When we first came on the scene, The Jerusalem Journey (TJJ) was an Israel-based NCSY summer camp looking to expand its scope. The program had previously focused on introducing young men and women to Jewish religious life, holy sites, and experiences. Given that these teenagers were about to begin college, however, there was a clear opportunity here to address a prevalent and controversial topic on American college campuses – the State of Israel itself. Rabbi Ben Gonsher reached out to us to make the case to a potential backer.
Right away, we put our research caps on, and the wheels were in motion. We began by sifting through piles of camper essays, notes from meetings, tentative schedules, and survey results. We believe that it’s critical to implement this kind of groundwork long before the cameras get involved.
Our aim was to find and give voice to the unwritten insider perspective. Using the materials the camp provided us, we initially understood TJJ as a chance for campers to engender a warm connection with the Jewish homeland. Thanks to TJJ, they would be emotionally prepared to face up to anti-Israel sentiment when they returned to America.
Then we took the step that would come to define the message of TJJ: we spent entire days chatting, individually and off the record, with numerous incoming campers. We learned, to our surprise, that they were largely from Israeli families that had moved to America. They already had an emotional connection with Israel; most of them had visited multiple times and had extended Israeli family!

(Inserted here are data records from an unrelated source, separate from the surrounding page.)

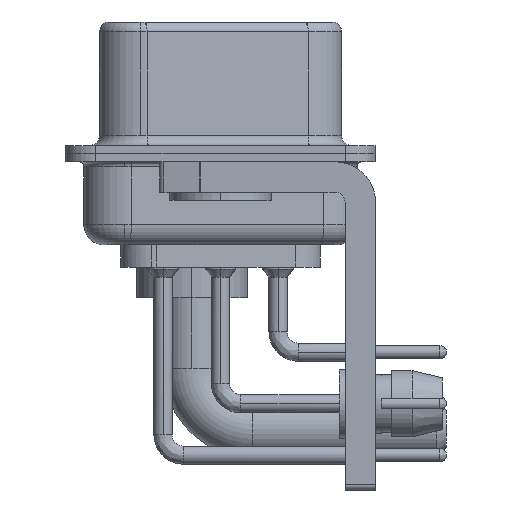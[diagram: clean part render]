
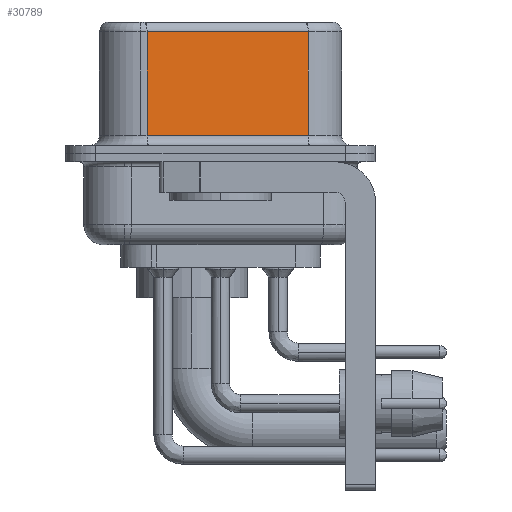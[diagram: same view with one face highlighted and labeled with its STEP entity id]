
A CAD part, left-side view. The second image highlights one B-rep face of the part: STEP entity #30789.
In plain terms, the highlighted planar face has unit normal (-0.985, -0.174, 0).
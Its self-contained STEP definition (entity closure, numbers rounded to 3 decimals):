
#1706 = DIRECTION ( 'NONE',  ( -0.174, 0.985, 0. ) ) ;
#2631 = VECTOR ( 'NONE', #31496, 1000. ) ;
#3789 = EDGE_CURVE ( 'NONE', #13792, #18143, #35318, .T. ) ;
#4363 = ORIENTED_EDGE ( 'NONE', *, *, #28302, .F. ) ;
#4912 = CARTESIAN_POINT ( 'NONE',  ( 3.73, 3.628, 6.02 ) ) ;
#6128 = DIRECTION ( 'NONE',  ( 0., 0., -1. ) ) ;
#7750 = PLANE ( 'NONE',  #8296 ) ;
#8296 = AXIS2_PLACEMENT_3D ( 'NONE', #17006, #29277, #1706 ) ;
#9185 = ORIENTED_EDGE ( 'NONE', *, *, #3789, .T. ) ;
#9778 = CARTESIAN_POINT ( 'NONE',  ( 5.132, -4.322, 6.02 ) ) ;
#10169 = EDGE_CURVE ( 'NONE', #18143, #20224, #17744, .T. ) ;
#12437 = EDGE_CURVE ( 'NONE', #37472, #13792, #37346, .T. ) ;
#13792 = VERTEX_POINT ( 'NONE', #4912 ) ;
#14631 = ORIENTED_EDGE ( 'NONE', *, *, #10169, .T. ) ;
#17006 = CARTESIAN_POINT ( 'NONE',  ( 5.132, -4.322, 6.52 ) ) ;
#17553 = VECTOR ( 'NONE', #34922, 1000. ) ;
#17744 = LINE ( 'NONE', #29996, #30849 ) ;
#18143 = VERTEX_POINT ( 'NONE', #39212 ) ;
#18155 = DIRECTION ( 'NONE',  ( 0.174, -0.985, 0. ) ) ;
#18281 = CARTESIAN_POINT ( 'NONE',  ( 5.132, -4.322, 0.9 ) ) ;
#18638 = LINE ( 'NONE', #30880, #37709 ) ;
#20224 = VERTEX_POINT ( 'NONE', #18281 ) ;
#22473 = ORIENTED_EDGE ( 'NONE', *, *, #12437, .T. ) ;
#23277 = CARTESIAN_POINT ( 'NONE',  ( 3.73, 3.628, 6.52 ) ) ;
#25790 = CARTESIAN_POINT ( 'NONE',  ( 5.132, -4.322, 6.02 ) ) ;
#28302 = EDGE_CURVE ( 'NONE', #37472, #20224, #18638, .T. ) ;
#29277 = DIRECTION ( 'NONE',  ( 0.985, 0.174, 0. ) ) ;
#29996 = CARTESIAN_POINT ( 'NONE',  ( 5.132, -4.322, 0.9 ) ) ;
#30789 = ADVANCED_FACE ( 'NONE', ( #35319 ), #7750, .F. ) ;
#30849 = VECTOR ( 'NONE', #18155, 1000. ) ;
#30880 = CARTESIAN_POINT ( 'NONE',  ( 5.132, -4.322, 6.52 ) ) ;
#31496 = DIRECTION ( 'NONE',  ( -0.174, 0.985, 0. ) ) ;
#33112 = EDGE_LOOP ( 'NONE', ( #4363, #22473, #9185, #14631 ) ) ;
#34922 = DIRECTION ( 'NONE',  ( 0., 0., -1. ) ) ;
#35318 = LINE ( 'NONE', #23277, #17553 ) ;
#35319 = FACE_OUTER_BOUND ( 'NONE', #33112, .T. ) ;
#37346 = LINE ( 'NONE', #9778, #2631 ) ;
#37472 = VERTEX_POINT ( 'NONE', #25790 ) ;
#37709 = VECTOR ( 'NONE', #6128, 1000. ) ;
#39212 = CARTESIAN_POINT ( 'NONE',  ( 3.73, 3.628, 0.9 ) ) ;

By the time we scheduled our shoot days and prepped for the interviews, we had dug deep enough to uncover the key ingredient, the authentic identity and ideals of TJJ. We were ready with a different approach that accounted for the true nature of the program and its participants. We focused our attention on how spending the summer with TJJ had an impact on the campers’ understanding of hard-hitting ethical considerations such as the democratic nature of the Jewish State and its policies in Yehuda and the Shomron. Campers would return home with vital firsthand knowledge of the issues.
The TJJ program was launched as a direct result of the donor’s response to this film. NCSY was able to get the camp off the ground thanks to his immediate pledge of a quarter million dollars of seed money, with plans to expand gradually over the next few years. Of his own initiative, the donor also shared the video among his friends and acquaintances and quickly gathered even more patrons and sponsors for TJJ.
The fundraising team was inspired to follow up on the direction we had laid down for them and to increase their goals and expectations. The video circulated among all the staff and brought viewers to tears. Most movingly, Rabbi Gonsher remarked that we had helped the whole staff articulate their mission to themselves and even influenced the way they approached their jobs. Thanks to our persistence in getting to the bottom of the matter, they understood their undertaking more fully and had internalized it in a new way.
Our process made us active participants in TJJ, and we were pleased and proud to be partners in such a success.